Bugünlerde vuruyoruz. Dinlemeden vuruyoruz. Konuşturmadan vuruyoruz. Diyecek sözü olanı, daha konuşmadan vuruyoruz. Kinimizi hayatımızın hedefi haline getirmişiz. Kinimizi, nefretimizi dinimizin önüne almışız. Kalemle vuruyoruz, kelamla vuruyoruz, insafsızca vuruyoruz.
Yıllarca önce olmuş bir olayın hıncını yıllar sonrasına taşıyoruz, tüfeklerle insanları tarıyoruz. Yani vuruyoruz. Siyasetçileri, geleceği olan insanları kasetlerle vuruyoruz. Zafiyeti olan insanları zayıf noktalarından vuruyoruz. Zafiyeti yoksa, zafiyeti oluşturacak birilerini kurgulayıp öylece vuruyoruz. Anlayışı vuruyoruz. Diyaloğu vuruyoruz. Barış için uzanan eli vuruyoruz.

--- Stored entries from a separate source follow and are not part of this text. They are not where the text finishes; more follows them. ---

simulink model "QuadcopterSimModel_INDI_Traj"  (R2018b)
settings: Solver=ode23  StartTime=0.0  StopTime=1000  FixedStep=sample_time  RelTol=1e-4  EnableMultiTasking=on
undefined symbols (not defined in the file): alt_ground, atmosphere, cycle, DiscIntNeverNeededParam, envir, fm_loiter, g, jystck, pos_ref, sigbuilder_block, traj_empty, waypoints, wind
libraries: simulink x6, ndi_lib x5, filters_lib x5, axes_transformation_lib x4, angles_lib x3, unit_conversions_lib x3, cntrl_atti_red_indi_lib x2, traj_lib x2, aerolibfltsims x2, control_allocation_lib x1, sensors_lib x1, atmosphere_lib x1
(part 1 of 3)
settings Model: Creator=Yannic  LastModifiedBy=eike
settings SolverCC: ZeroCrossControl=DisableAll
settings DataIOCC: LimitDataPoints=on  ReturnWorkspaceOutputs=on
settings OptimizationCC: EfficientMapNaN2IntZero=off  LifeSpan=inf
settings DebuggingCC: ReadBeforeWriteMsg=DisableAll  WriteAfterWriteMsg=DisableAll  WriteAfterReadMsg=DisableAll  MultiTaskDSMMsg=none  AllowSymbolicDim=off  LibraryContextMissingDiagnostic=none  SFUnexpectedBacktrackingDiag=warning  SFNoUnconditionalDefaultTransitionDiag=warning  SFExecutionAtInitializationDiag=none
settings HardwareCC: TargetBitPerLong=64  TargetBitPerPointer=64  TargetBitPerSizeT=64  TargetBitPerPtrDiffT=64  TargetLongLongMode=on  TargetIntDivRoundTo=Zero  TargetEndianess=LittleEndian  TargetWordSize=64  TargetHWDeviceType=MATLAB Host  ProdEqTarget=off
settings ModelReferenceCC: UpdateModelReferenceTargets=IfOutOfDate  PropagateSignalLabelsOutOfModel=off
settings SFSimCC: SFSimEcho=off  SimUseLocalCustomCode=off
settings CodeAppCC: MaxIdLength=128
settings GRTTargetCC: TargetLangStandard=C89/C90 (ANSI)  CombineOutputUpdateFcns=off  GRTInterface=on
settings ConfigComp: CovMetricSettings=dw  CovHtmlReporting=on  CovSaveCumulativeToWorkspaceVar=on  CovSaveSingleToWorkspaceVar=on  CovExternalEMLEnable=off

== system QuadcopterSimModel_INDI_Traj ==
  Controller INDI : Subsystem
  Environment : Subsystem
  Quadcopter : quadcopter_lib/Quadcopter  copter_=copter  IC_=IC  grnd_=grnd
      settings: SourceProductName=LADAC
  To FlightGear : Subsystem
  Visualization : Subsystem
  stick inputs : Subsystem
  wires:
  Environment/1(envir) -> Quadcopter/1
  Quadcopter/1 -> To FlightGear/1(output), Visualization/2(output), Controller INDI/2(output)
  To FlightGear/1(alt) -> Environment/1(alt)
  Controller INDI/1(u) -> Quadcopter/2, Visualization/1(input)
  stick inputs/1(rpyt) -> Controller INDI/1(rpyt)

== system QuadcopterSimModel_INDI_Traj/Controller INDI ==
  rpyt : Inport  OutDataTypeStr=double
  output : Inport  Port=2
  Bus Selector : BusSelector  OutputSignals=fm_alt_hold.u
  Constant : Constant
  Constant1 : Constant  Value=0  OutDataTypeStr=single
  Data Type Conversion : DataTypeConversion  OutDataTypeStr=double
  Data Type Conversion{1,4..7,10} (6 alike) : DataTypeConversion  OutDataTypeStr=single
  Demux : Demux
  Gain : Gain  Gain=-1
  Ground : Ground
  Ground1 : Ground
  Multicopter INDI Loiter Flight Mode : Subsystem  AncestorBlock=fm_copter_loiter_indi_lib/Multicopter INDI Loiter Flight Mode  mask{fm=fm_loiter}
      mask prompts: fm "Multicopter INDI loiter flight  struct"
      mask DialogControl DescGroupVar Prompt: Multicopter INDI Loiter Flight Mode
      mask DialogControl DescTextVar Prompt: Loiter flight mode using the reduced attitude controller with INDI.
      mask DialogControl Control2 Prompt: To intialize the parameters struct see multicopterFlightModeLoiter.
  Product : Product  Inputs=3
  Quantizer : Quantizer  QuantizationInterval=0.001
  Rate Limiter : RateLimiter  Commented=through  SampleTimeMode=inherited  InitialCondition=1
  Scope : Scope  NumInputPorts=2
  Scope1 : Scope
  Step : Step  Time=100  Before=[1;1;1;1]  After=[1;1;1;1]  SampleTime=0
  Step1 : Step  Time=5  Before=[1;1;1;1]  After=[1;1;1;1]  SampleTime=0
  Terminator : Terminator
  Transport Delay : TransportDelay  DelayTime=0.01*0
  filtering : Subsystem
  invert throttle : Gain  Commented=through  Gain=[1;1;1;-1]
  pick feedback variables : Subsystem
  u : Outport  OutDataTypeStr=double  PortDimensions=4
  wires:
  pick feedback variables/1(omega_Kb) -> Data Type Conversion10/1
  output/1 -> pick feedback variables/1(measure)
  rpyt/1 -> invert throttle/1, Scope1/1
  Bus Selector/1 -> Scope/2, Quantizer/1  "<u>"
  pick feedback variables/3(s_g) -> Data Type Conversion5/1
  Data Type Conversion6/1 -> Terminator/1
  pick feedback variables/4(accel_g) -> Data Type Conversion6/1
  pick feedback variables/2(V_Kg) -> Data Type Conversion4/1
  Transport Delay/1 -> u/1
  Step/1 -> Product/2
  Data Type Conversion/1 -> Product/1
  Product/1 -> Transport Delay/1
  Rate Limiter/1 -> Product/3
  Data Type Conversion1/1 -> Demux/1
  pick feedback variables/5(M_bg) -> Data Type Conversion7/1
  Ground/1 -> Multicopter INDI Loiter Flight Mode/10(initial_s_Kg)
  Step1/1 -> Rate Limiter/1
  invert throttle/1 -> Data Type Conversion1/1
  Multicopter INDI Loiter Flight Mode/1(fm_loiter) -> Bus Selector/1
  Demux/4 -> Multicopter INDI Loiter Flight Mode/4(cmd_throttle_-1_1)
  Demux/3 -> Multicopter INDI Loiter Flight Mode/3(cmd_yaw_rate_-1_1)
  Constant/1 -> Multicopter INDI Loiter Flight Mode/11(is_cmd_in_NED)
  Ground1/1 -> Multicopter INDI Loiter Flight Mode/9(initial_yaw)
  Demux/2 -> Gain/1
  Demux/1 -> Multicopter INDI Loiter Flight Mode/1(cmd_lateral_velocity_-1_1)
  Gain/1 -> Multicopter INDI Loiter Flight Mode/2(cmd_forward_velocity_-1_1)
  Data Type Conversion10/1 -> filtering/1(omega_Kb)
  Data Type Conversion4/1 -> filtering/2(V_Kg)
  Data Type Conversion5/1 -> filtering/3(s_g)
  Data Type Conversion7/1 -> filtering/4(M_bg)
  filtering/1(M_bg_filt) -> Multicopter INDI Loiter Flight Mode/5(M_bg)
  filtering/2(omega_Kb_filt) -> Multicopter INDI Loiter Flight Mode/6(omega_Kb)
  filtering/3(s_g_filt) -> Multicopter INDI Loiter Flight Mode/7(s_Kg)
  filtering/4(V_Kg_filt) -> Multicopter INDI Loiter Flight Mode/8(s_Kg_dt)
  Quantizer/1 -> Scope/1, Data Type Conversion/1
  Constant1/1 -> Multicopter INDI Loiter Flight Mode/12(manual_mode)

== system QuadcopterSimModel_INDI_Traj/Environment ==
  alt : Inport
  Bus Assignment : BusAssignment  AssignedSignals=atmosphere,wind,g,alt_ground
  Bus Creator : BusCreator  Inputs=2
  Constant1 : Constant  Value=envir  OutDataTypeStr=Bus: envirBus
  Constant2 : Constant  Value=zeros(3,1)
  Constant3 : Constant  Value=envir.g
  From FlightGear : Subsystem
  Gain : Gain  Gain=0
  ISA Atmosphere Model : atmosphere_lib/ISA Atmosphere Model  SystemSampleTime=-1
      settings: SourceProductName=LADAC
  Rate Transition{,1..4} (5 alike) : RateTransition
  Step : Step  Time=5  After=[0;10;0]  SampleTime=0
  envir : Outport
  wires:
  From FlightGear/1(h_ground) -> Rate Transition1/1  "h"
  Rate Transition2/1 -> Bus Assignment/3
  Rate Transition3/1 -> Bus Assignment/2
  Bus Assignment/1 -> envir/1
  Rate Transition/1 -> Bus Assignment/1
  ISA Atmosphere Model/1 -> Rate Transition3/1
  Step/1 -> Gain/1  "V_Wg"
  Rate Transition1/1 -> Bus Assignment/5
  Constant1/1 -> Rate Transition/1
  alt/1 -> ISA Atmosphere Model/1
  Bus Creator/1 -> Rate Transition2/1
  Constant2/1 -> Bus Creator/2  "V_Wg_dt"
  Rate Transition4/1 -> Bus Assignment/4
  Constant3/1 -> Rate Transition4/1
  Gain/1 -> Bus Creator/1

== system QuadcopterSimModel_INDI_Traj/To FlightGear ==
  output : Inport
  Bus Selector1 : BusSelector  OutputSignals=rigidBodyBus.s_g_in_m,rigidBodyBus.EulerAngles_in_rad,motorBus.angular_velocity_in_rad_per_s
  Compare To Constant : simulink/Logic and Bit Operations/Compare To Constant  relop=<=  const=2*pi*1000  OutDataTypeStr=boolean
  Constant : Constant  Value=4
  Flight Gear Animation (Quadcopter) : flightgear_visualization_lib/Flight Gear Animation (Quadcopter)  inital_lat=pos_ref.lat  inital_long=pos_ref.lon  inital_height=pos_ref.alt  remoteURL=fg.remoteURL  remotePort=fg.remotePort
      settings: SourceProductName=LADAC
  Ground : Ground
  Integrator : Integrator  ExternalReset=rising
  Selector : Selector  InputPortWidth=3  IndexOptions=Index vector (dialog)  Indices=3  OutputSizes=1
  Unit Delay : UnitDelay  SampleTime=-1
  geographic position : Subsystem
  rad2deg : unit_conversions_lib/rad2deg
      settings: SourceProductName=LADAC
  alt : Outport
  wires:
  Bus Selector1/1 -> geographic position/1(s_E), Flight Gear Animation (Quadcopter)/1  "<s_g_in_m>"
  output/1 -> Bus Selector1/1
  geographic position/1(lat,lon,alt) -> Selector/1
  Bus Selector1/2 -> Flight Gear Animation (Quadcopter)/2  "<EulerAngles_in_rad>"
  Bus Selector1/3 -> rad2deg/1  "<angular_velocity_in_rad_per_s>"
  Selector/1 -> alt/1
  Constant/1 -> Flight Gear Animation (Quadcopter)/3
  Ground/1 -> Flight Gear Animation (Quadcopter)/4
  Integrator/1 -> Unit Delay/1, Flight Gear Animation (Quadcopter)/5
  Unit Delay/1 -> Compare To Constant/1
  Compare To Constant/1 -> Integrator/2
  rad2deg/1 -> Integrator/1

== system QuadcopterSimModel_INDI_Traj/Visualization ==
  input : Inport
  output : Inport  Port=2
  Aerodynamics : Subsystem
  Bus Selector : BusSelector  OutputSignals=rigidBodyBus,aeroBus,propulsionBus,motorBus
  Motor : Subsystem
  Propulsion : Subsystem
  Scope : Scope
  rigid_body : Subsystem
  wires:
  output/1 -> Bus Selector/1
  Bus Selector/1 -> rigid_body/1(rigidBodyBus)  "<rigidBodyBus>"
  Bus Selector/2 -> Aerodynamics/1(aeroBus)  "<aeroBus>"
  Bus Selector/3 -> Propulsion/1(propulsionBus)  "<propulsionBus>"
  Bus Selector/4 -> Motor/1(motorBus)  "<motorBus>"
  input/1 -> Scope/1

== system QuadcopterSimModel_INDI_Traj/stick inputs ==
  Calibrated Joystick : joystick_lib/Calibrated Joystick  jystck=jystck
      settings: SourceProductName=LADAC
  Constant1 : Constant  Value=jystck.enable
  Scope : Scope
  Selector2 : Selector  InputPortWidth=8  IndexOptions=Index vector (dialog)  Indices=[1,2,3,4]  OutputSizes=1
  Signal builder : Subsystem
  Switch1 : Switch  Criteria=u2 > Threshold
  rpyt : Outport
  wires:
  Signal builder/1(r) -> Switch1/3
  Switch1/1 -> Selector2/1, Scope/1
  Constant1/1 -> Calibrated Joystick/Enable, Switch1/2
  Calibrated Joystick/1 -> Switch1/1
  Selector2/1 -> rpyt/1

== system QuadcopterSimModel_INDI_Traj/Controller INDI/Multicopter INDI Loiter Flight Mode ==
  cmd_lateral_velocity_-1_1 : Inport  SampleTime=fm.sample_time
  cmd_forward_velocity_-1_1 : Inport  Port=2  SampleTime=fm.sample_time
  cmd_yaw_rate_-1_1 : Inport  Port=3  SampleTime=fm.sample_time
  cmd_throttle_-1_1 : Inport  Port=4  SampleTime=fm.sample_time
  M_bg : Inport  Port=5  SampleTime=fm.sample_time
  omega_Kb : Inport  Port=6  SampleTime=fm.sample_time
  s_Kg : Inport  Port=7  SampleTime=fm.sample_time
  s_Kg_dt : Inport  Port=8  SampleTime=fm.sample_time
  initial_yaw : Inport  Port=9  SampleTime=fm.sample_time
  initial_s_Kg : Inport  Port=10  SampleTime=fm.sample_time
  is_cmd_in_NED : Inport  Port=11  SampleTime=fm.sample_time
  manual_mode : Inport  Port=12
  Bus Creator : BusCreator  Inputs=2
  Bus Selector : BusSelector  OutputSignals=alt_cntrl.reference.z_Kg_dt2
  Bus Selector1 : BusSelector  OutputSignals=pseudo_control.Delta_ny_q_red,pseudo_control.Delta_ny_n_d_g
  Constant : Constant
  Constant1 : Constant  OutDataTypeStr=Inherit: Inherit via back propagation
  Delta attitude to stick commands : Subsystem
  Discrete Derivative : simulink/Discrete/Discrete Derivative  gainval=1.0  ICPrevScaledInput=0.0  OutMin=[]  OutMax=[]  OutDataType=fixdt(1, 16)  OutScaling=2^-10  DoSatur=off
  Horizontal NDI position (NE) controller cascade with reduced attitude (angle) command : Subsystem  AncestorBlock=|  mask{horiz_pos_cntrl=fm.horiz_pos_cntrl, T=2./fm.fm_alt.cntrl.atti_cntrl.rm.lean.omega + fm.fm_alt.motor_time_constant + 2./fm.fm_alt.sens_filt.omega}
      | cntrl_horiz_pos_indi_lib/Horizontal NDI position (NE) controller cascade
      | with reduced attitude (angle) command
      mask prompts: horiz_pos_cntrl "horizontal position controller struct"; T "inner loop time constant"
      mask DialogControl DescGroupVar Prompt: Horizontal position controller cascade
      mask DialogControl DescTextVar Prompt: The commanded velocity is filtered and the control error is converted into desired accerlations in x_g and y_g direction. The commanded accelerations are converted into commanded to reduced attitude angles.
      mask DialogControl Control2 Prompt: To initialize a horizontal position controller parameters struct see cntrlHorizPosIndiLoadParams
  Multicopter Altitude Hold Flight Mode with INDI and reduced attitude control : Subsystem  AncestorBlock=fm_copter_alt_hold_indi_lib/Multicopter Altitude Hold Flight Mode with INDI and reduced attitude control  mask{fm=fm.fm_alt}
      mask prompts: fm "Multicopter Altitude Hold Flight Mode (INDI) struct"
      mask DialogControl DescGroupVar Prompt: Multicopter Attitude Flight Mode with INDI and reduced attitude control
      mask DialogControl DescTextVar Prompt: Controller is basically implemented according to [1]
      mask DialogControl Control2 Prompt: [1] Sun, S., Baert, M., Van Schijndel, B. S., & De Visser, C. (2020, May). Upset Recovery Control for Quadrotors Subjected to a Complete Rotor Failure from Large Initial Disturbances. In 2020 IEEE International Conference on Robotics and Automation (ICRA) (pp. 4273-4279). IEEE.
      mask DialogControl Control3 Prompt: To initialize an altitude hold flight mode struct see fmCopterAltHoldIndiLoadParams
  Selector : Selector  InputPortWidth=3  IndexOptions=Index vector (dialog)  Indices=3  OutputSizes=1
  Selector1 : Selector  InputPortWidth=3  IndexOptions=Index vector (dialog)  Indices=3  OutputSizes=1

Ülkesi için bir şeyler yapabilecek insanımızı muhalifimizdir diye açığını bulamıyorsak, çocuğuyla, çevresiyle vuruyoruz. Ya madden öldürmek veya manen öldürmek için vuruyoruz. Hizmet etmiş veya eden insanların hiçbir iyiliğine bakmadan vuruyoruz.
Kuran-ı Kerim yaşatın diyor. Biz vuruyoruz. Kuran-ı Kerim “Bir insanı öldüren bütün insanlığı öldürmüş gibidir” buyuruyor. Biz bir filmde binlerce insanı vuruyoruz. Kuran-ı Kerim “Bir insanı dirilten bütün insanlığı diriltmiş gibidir” buyuruyor. Biz dirilenleri, hem de dikeyine toprağın derinlerine gömüyoruz.
Biz sadece kendimize Müslüman’ız; biz sadece kendimize demokratız, biz sadece kendimize özgürüz. Neticede vurmayı uyumak gibi, koşmak gibi olağan hale getiriyoruz.
Bizim helal, haram, sevap ve günah kavramlarımızda aşınmışlık var. İbadet anlayışımız çok dar bir alanda seyrediyor. Beynelmilel bir iman ve aksiyon dini olan İslam’ı, bir yerel din haline getirmeye çabalıyoruz. İslam’ı doğru anlamadığımız gibi, doğru anlayacakların önüne de bariyerler oluşturuyoruz.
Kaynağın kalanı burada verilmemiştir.